That is not possible, sorry. KSP does not have any command to retrieve the dB level of instrument output

In Kontakt 5 you can use ui_level_meter, which is a new UI control, but you cannot skin it in any way (just change colors) - it's your regular vertical (well you can turn it to be horizontal) digital VU meter. More or less similar to the VU meter you can see above the volume slider in instrument header.


----------



## Sasje (Feb 10, 2013)

Aw, that's a pity... :( 

Any chance of getting the waveform data? That would be really awesome!  

I think the Velocity could suffice for now, if it's just an ornamental piece of the instrument. :D


----------



## Chriss Ons (Feb 10, 2013)

Sasje @ Sun 10 Feb said:


> I fiddled around with Kontakt and came up with this basic analogue VU meter.



I'm going to give this a go... looks spiffy! Is it free to use?



mk282 @ Sun 10 Feb said:


> In Kontakt 5 you can use ui_level_meter, which is a new UI control, but you cannot skin it in any way (just change colors) - it's your regular vertical (well you can turn it to be horizontal) digital VU meter. More or less similar to the VU meter you can see above the volume slider in instrument header.



...and on top of that you can only use it on the master outputs, I believe, not anywhere else in the signal path. On the plus side, the meter is (somewhat) more legible than the one in the upper right corner, as it's slightly larger.
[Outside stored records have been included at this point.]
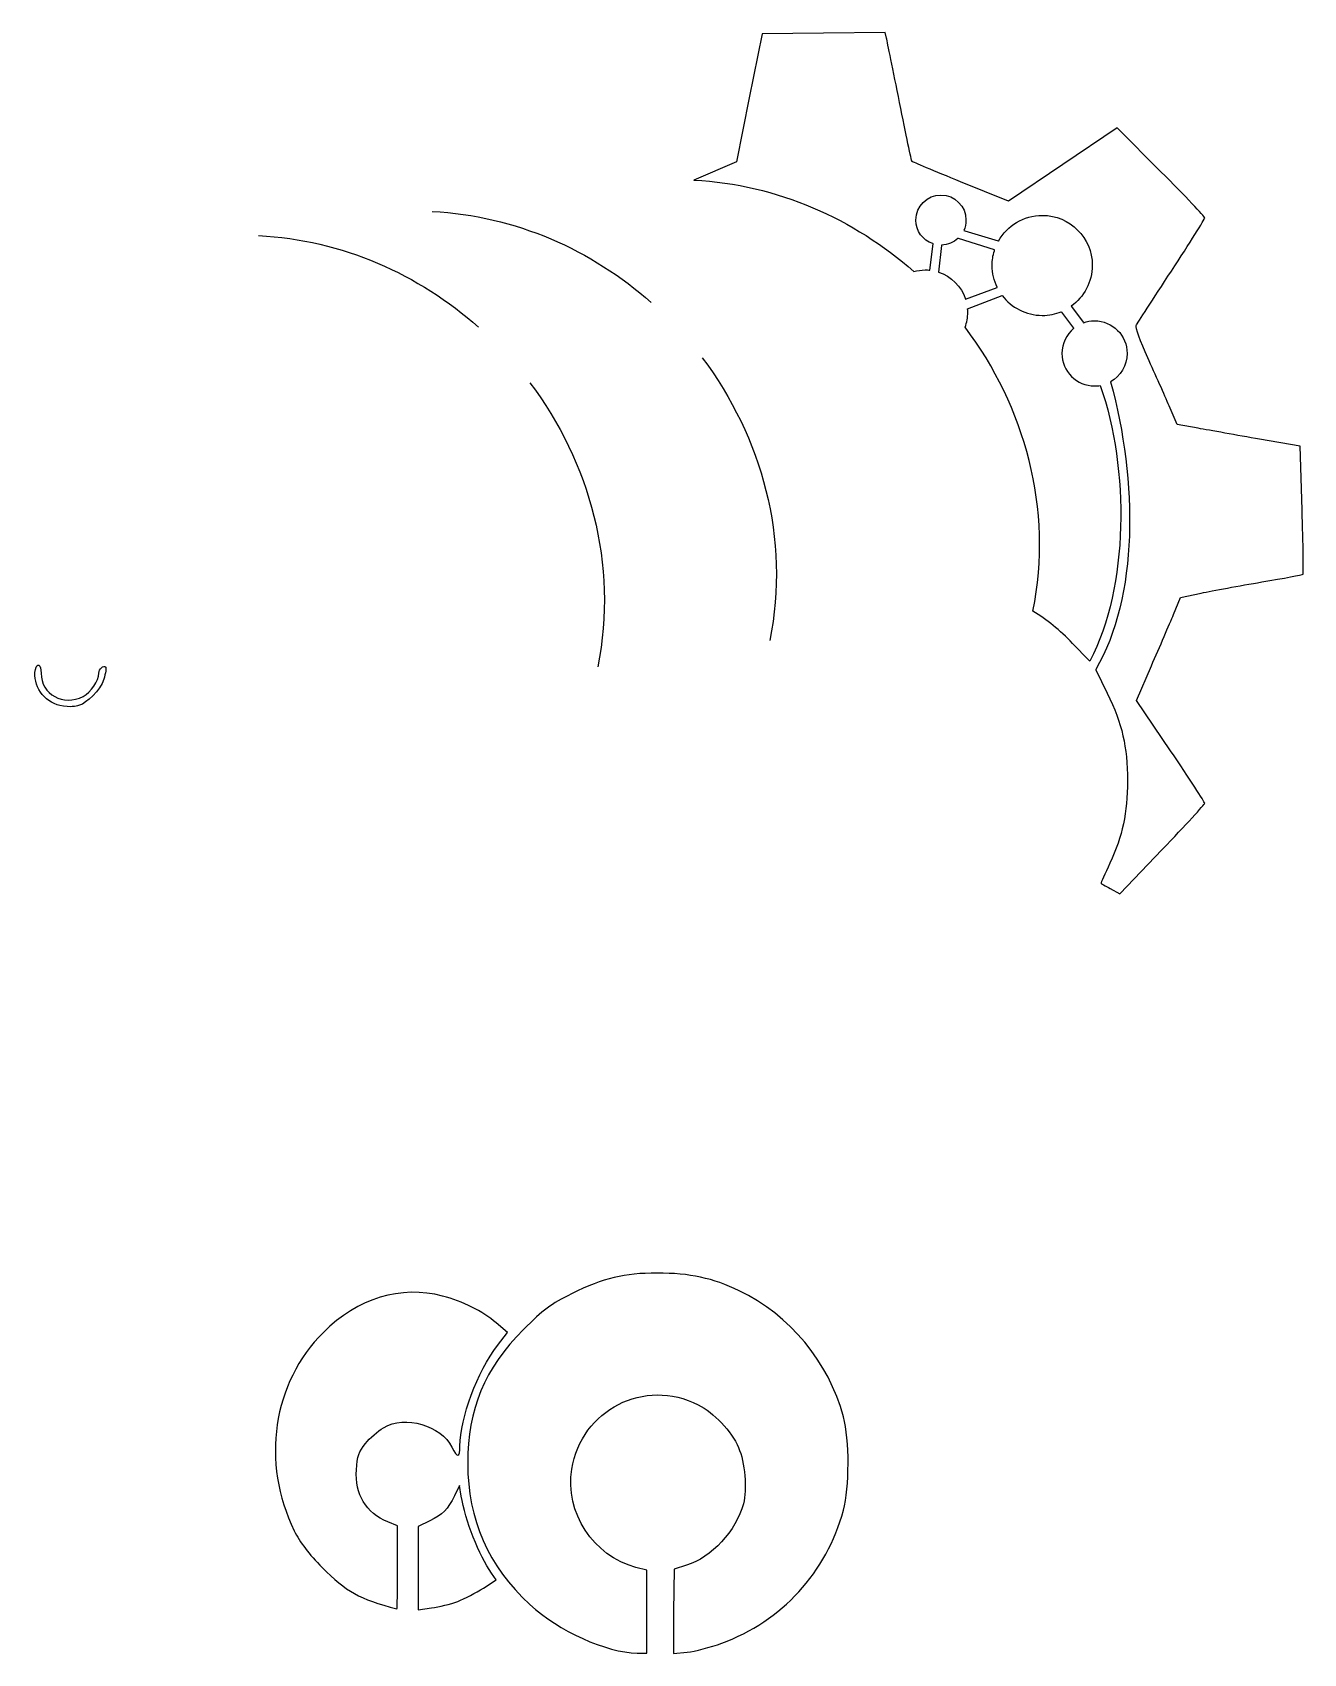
# Model space of a CAD drawing. Extents: x -237 to 75, y -16 to 111.
# Drawn here: x 21.4 to 75.1, y 23.7 to 92.1 of the extents above; entities that cross this region are included whole.
import ezdxf

# ---------------------------------------------------------------- set-up
doc = ezdxf.new("R2010")
doc.units = 0
doc.layers.add('Layer_1', color=7, linetype='CONTINUOUS')

msp = doc.modelspace()

# ---------------------------------------------------------------- linework, layer by layer
at = {"layer": 'Layer_1', "color": 7}
for p, q in [((52.229019, 92.079114), (51.690319, 89.37544)), ((54.827865, 92.108472), (52.229019, 92.079114)), ((57.426712, 92.13783), (54.827865, 92.108472)), ((57.485976, 91.889031), (57.426712, 92.13783)), ((51.690319, 89.37544), (51.15162, 86.672001)), ((67.22163, 88.102087), (64.928576, 86.554177)), ((69.074627, 86.251438), (67.22163, 88.102087)), ((51.15162, 86.672001), (49.349353, 85.902509)), ((64.928576, 86.554177), (62.6356, 85.006346)), ((62.6356, 85.006346), (60.616241, 85.829857)), ((60.745573, 83.770963), (60.790119, 83.757732)), ((60.790119, 83.757732), (62.201102, 83.334429)), ((59.314704, 82.09701), (59.458284, 83.210656)), ((59.458284, 83.210656), (59.438791, 83.217232)), ((62.201102, 83.334429), (62.219422, 83.329027)), ((58.634538, 82.039077), (58.634538, 82.038998)), ((60.911152, 80.46134), (62.37678, 81.028145)), ((62.37678, 81.028145), (62.37678, 81.028066)), ((64.867355, 80.344456), (64.87808, 80.329816)), ((64.87808, 80.329816), (65.377244, 79.644483)), ((65.291049, 80.57932), (65.304671, 80.560531)), ((65.304671, 80.560531), (65.786064, 79.897432)), ((65.377244, 79.644483), (65.385151, 79.63368)), ((65.786064, 79.897432), (65.800312, 79.875746)), ((66.515081, 77.2275), (66.515081, 77.227578)), ((69.758707, 75.582592), (69.422774, 76.369542)), ((70.644927, 75.42077), (69.758707, 75.582592)), ((74.959532, 74.657306), (73.245339, 74.958167)), ((75.039699, 71.97751), (74.959532, 74.657306)), ((69.607533, 67.556042), (69.905732, 68.269088)), ((69.905732, 68.269088), (70.773319, 68.456666)), ((63.671741, 67.695394), (63.671741, 67.695394)), ((66.049816, 65.615127), (65.346634, 66.334358)), ((66.074555, 65.590388), (66.049816, 65.615127)), ((66.322649, 65.235587), (66.329539, 65.220634)), ((66.329539, 65.220634), (66.810775, 64.228804)), ((68.037469, 63.926221), (68.673323, 65.384491)), ((22.579268, 63.706207), (22.579389, 63.706207)), ((22.579389, 63.706207), (22.579423, 63.706128)), ((69.482508, 61.798511), (68.037469, 63.926221)), ((67.336635, 55.765094), (69.128255, 57.628348)), ((66.937758, 55.979917), (67.336635, 55.765094))]:
    msp.add_line(p, q, dxfattribs=at)
at = {"layer": 'Layer_1', "color": 4}
for p, q in [((59.807792, 83.139893), (59.67674, 82.019279)), ((59.81005, 83.158124), (59.807792, 83.139893)), ((60.532959, 83.428445), (60.50196, 83.438238)), ((62.053155, 82.950889), (60.532959, 83.428445)), ((62.041725, 82.914488), (62.053155, 82.950889)), ((59.67674, 82.019279), (59.676816, 82.019279)), ((60.828088, 80.869059), (62.164622, 81.370729)), ((62.164622, 81.370729), (62.162364, 81.375188)), ((41.476354, 37.228013), (41.003339, 37.635657)), ((41.058454, 36.684303), (41.476354, 37.228013)), ((39.448777, 30.763464), (39.240138, 30.334681)), ((39.522679, 30.325207), (39.448777, 30.763464)), ((36.835368, 29.060778), (36.425451, 29.232152)), ((36.835368, 27.306815), (36.835368, 29.060778)), ((38.19249, 29.276227), (37.713288, 29.044339)), ((37.713288, 29.044339), (37.713288, 27.284268)), ((49.035527, 27.402562), (48.521019, 27.242621)), ((36.835365, 27.306815), (36.835365, 27.306815)), ((36.835365, 27.306815), (36.835368, 27.306815)), ((37.713288, 27.284268), (37.713288, 25.524277)), ((40.45916, 26.432338), (41.003965, 26.781972)), ((41.003965, 26.781972), (40.799086, 27.072658)), ((47.368776, 27.190088), (46.902494, 27.313157)), ((47.368776, 25.438631), (47.368776, 27.190088)), ((48.521019, 27.242621), (48.490564, 25.449669)), ((37.713288, 25.524277), (38.275319, 25.598885)), ((39.375969, 25.878138), (39.375969, 25.878138)), ((39.375969, 25.878138), (39.375969, 25.878138)), ((47.368643, 25.438625), (47.368776, 25.438631)), ((47.369208, 25.438625), (47.368643, 25.438625)), ((47.369208, 23.687247), (47.369208, 25.438625)), ((48.490564, 25.449669), (48.48619, 23.671985)), ((46.957725, 23.693513), (47.369208, 23.687247)), ((48.48619, 23.671985), (49.065911, 23.727647))]:
    msp.add_line(p, q, dxfattribs=at)
at = {"layer": 'Layer_1', "color": 7}
for points in [[(58.036653, 89.181129), (57.766247, 90.533554), (57.518622, 91.752184), (57.485976, 91.889031)], [(58.562357, 86.687737), (58.54349, 86.706682), (58.306903, 87.828705), (58.036653, 89.181129)], [(60.616241, 85.829857), (59.505414, 86.28291), (58.581224, 86.668869), (58.562357, 86.687737)], [(49.364933, 85.881919), (49.35452, 85.895463), (49.349197, 85.90243), (49.349197, 85.90243)], [(49.349197, 85.90243), (52.88562, 85.717749), (56.121574, 84.26449), (58.634538, 82.039077)], [(70.927703, 84.309427), (70.927703, 84.359688), (70.093858, 85.233538), (69.074627, 86.251438)], [(58.730754, 84.21462), (58.730754, 84.797866), (59.203614, 85.270725), (59.786937, 85.270725)], [(59.786937, 85.270725), (60.370182, 85.270725), (60.843041, 84.797787), (60.843041, 84.21462)], [(38.299695, 84.581363), (41.820298, 84.397431), (45.041778, 82.950748), (47.543579, 80.735293)], [(59.438791, 83.217232), (59.016505, 83.355489), (58.730754, 83.746145), (58.730754, 84.21462)], [(60.843041, 84.21462), (60.843041, 84.056244), (60.808203, 83.905853), (60.745573, 83.770963)], [(62.219422, 83.329027), (62.580877, 83.974824), (63.271612, 84.411358), (64.064199, 84.411358)], [(64.064199, 84.411358), (65.230846, 84.411358), (66.176564, 83.465796), (66.176564, 82.299228)], [(69.518285, 82.058884), (70.293414, 83.246355), (70.927703, 84.259088), (70.927703, 84.309427)], [(30.968863, 83.558584), (34.505285, 83.373825), (37.741239, 81.920643), (40.254281, 79.69523)], [(66.176564, 82.299228), (66.176564, 81.589939), (65.827165, 80.962461), (65.291049, 80.57932)], [(58.634538, 82.038998), (58.79041, 82.083231), (58.954814, 82.106952), (59.124778, 82.106952)], [(59.124778, 82.106952), (59.189052, 82.106952), (59.252309, 82.103586), (59.314704, 82.09701)], [(68.033006, 79.766613), (68.074812, 79.839812), (68.743, 80.871334), (69.518285, 82.058884)], [(62.37678, 81.028066), (62.762427, 80.516924), (63.374717, 80.186549), (64.064277, 80.186549)], [(60.80515, 79.689734), (60.877566, 79.884358), (60.91718, 80.094874), (60.91718, 80.314628)], [(60.91718, 80.314628), (60.91718, 80.364028), (60.915145, 80.41288), (60.911152, 80.46134)], [(64.064277, 80.186549), (64.348541, 80.186549), (64.61973, 80.242682), (64.867355, 80.344456)], [(63.671741, 67.695394), (64.537449, 72.017359), (63.327901, 76.340028), (60.80515, 79.689734)], [(65.385151, 79.63368), (65.086953, 79.381201), (64.897496, 79.004088), (64.897496, 78.582664)], [(65.800312, 79.875746), (65.947963, 79.929765), (66.107358, 79.959201), (66.273641, 79.959201)], [(66.273641, 79.959201), (67.033817, 79.959201), (67.649865, 79.343153), (67.649865, 78.582977)], [(68.522149, 78.395008), (68.211581, 79.076191), (67.991357, 79.693335), (68.033006, 79.766613)], [(49.704636, 78.396458), (52.216104, 75.061579), (53.420162, 70.758325), (52.558326, 66.455774)], [(64.897496, 78.582664), (64.897496, 77.822488), (65.513544, 77.20644), (66.27372, 77.20644)], [(67.649865, 78.582977), (67.649865, 78.067921), (67.366932, 77.619096), (66.94817, 77.383058)], [(69.422774, 76.369542), (69.238014, 76.802474), (68.832718, 77.713824), (68.522149, 78.395008)], [(66.94817, 77.383058), (68.105814, 73.161615), (68.116539, 68.28091), (66.322649, 65.235587)], [(42.42505, 77.345888), (44.9478, 73.996024), (46.157269, 69.673435), (45.291561, 65.351548)], [(66.515081, 77.227578), (67.743263, 73.668217), (67.72189, 68.750168), (66.074555, 65.590388)], [(66.27372, 77.20644), (66.356078, 77.20644), (66.436715, 77.213643), (66.515081, 77.2275)], [(73.245339, 74.958167), (72.302518, 75.123668), (71.132426, 75.331757), (70.644927, 75.42077)], [(75.077199, 69.254969), (75.100529, 69.278298), (75.083697, 70.503505), (75.039699, 71.97751)], [(73.337641, 68.928195), (74.270833, 69.084457), (75.053478, 69.231482), (75.077199, 69.254969)], [(70.773319, 68.456666), (71.250484, 68.559615), (72.40437, 68.771932), (73.337641, 68.928195)], [(65.346634, 66.334358), (64.800262, 66.893021), (64.258901, 67.33707), (63.671741, 67.695394)], [(68.673323, 65.384491), (69.023114, 66.186629), (69.44352, 67.163663), (69.607533, 67.556042)], [(22.579423, 63.706128), (21.897142, 63.867088), (21.415203, 64.573244), (21.540464, 65.228124)], [(21.540464, 65.228124), (21.601687, 65.549183), (21.783861, 65.437465), (21.783861, 65.078908)], [(21.783861, 65.078908), (21.783861, 64.17977), (22.71901, 63.662053), (23.558963, 64.096551)], [(23.558963, 64.096551), (23.882525, 64.263774), (24.219792, 64.765051), (24.219792, 65.078908)], [(24.219792, 65.078908), (24.219792, 65.25443), (24.418095, 65.427839), (24.511491, 65.334519)], [(24.511491, 65.334519), (24.542259, 65.303751), (24.50531, 65.072177), (24.42976, 64.819774)], [(24.42976, 64.819774), (24.291112, 64.357248), (23.679683, 63.79522), (23.408022, 63.724213)], [(23.093776, 63.663306), (23.009459, 63.658367), (22.781249, 63.658367), (22.579268, 63.706207)], [(23.408022, 63.724213), (23.275561, 63.689454), (23.24542, 63.672309), (23.093776, 63.663306)], [(66.810775, 64.228804), (67.442872, 62.925936), (67.660121, 61.981001), (67.660121, 60.533691)], [(70.92371, 59.581162), (70.925746, 59.630483), (70.277365, 60.628342), (69.482508, 61.798511)], [(67.660121, 60.533691), (67.660121, 59.169837), (67.456964, 58.211201), (66.922492, 57.054575)], [(69.128255, 57.628348), (70.113587, 58.652902), (70.92144, 59.531841), (70.92371, 59.581162)], [(66.922492, 57.054575), (66.711506, 56.59753), (66.538724, 56.217286), (66.538724, 56.209379)], [(66.538724, 56.209379), (66.538724, 56.201393), (66.71816, 56.098131), (66.937758, 55.979917)]]:
    msp.add_open_spline(points, degree=3, dxfattribs=at)
at = {"layer": 'Layer_1', "color": 4}
for points in [[(60.50196, 83.438238), (60.319314, 83.269371), (60.076854, 83.164229), (59.81005, 83.158124)], [(61.950519, 82.29836), (61.950519, 82.526023), (61.975101, 82.708982), (62.041725, 82.914488)], [(62.162364, 81.375188), (62.025283, 81.655302), (61.950519, 81.965479), (61.950519, 82.29836)], [(59.676816, 82.019279), (60.220918, 81.842585), (60.651109, 81.413017), (60.827961, 80.869074)], [(47.808089, 39.740039), (46.383248, 39.739757), (45.565139, 39.54197), (44.187271, 38.865717)], [(51.264501, 38.997007), (50.163459, 39.526546), (49.168657, 39.740428), (47.808089, 39.740039)], [(38.741133, 38.773337), (36.975268, 39.233357), (35.1557, 38.678844), (33.703537, 37.23819)], [(41.003339, 37.635657), (40.427845, 38.131065), (39.591183, 38.552019), (38.741133, 38.773337)], [(44.187271, 38.865717), (43.305671, 38.432786), (42.991893, 38.200271), (42.153115, 37.357031)], [(55.666634, 33.671939), (55.039937, 35.994352), (53.411391, 37.964311), (51.264501, 38.997007)], [(33.703537, 37.23819), (31.55829, 35.110011), (31.062415, 31.739087), (32.471206, 28.861772)], [(42.153115, 37.357031), (40.503512, 35.699362), (39.79657, 34.001375), (39.800095, 31.706832)], [(39.470539, 32.437652), (39.476099, 33.613302), (40.213492, 35.585609), (41.058454, 36.684303)], [(44.192165, 31.459992), (44.596129, 33.97092), (47.26528, 35.33039), (49.534298, 34.180577)], [(36.242416, 33.210354), (37.161123, 33.749054), (38.672863, 33.317217), (39.1303, 32.385432)], [(49.534298, 34.180577), (50.187925, 33.849339), (50.933694, 33.058239), (51.235418, 32.376429)], [(55.665505, 29.722), (55.92824, 30.692299), (55.928788, 32.699368), (55.666634, 33.671939)], [(35.479265, 32.543341), (35.663319, 32.771862), (36.006769, 33.071941), (36.242416, 33.210354)], [(35.100585, 31.437132), (35.136754, 32.005736), (35.203768, 32.20122), (35.479265, 32.543341)], [(39.1303, 32.385432), (39.35984, 31.917818), (39.468349, 31.934495), (39.470539, 32.437652)], [(51.235418, 32.376429), (51.506529, 31.763671), (51.608146, 30.603131), (51.443819, 29.99632)], [(39.800095, 31.706832), (39.804018, 29.3232), (40.659149, 27.380955), (42.424226, 25.746773)], [(36.425451, 29.232152), (35.497584, 29.619677), (35.034119, 30.39136), (35.100585, 31.437132)], [(46.902494, 27.313157), (45.109463, 27.785783), (43.899133, 29.637528), (44.192165, 31.459992)], [(39.240138, 30.334681), (38.956971, 29.752375), (38.755303, 29.548591), (38.19249, 29.276227)], [(40.799086, 27.072658), (40.288726, 27.796349), (39.693348, 29.313491), (39.522679, 30.325207)], [(51.443819, 29.99632), (51.131684, 28.844077), (50.099852, 27.732703), (49.035527, 27.402562)], [(50.526374, 24.110632), (53.061726, 25.036075), (54.956453, 27.104831), (55.665505, 29.722)], [(32.471206, 28.861772), (32.71429, 28.365504), (33.093204, 27.866261), (33.65265, 27.305094)], [(33.65265, 27.305094), (34.685659, 26.268951), (35.20416, 25.982262), (36.808046, 25.560054)], [(36.808046, 25.560054), (36.823145, 25.55599), (36.835365, 26.341996), (36.835365, 27.306815)], [(39.375969, 25.878138), (39.672288, 25.990717), (40.15963, 26.240142), (40.45916, 26.432338)], [(38.275319, 25.598885), (38.584477, 25.639909), (39.079726, 25.76556), (39.375969, 25.878138)], [(42.424226, 25.746773), (43.638004, 24.62295), (45.64781, 23.712616), (46.957725, 23.693513)], [(49.065911, 23.727647), (49.398868, 23.766713), (50.056096, 23.939102), (50.526374, 24.110632)]]:
    msp.add_open_spline(points, degree=3, dxfattribs=at)

doc.saveas('drawing.dxf')

I tried implementing it in something I'm working on, came out looking like this:


----------



## Sasje (Feb 10, 2013)

Josquin @ Sun Feb 10 said:


> I'm going to give this a go... looks spiffy! Is it free to use?


Go ahead 



Josquin @ Sun Feb 10 said:


> ...and on top of that you can only use it on the master outputs, I believe, not anywhere else in the signal path. On the plus side, the meter is (somewhat) more legible than the one in the upper right corner, as it's slightly larger. I tried implementing it in something I'm working on, came out looking like this:


Looks very nice, lovely GUI!

.


----------



## Chriss Ons (Feb 10, 2013)

Thank you.
If I use it in something (non-commercial) I'll report back to you


----------



## Mike Greene (Feb 10, 2013)

Really nice looking, Josquin. 8)


----------



## Chriss Ons (Feb 10, 2013)

Hey thanks Mike. Knobs and switches are Knobman, so that wasn't too hard - except getting them to _work_, of course :mrgreen: 
(Trying to learn some KSP... that GUI is from a freebie thingie I'm working on, called _ORA _- I'll throw it on here... one of these days.)


----------



## Big Bob (Feb 10, 2013)

Hi Sasje,

Welcome to the forum.



> What I really want is show the db level or at least the sample volume as it is played,
> but I don't know how. Does anyone know to get the db value? I've searched
> through all my K4, K5 manuals, but haven't found a a solution yet.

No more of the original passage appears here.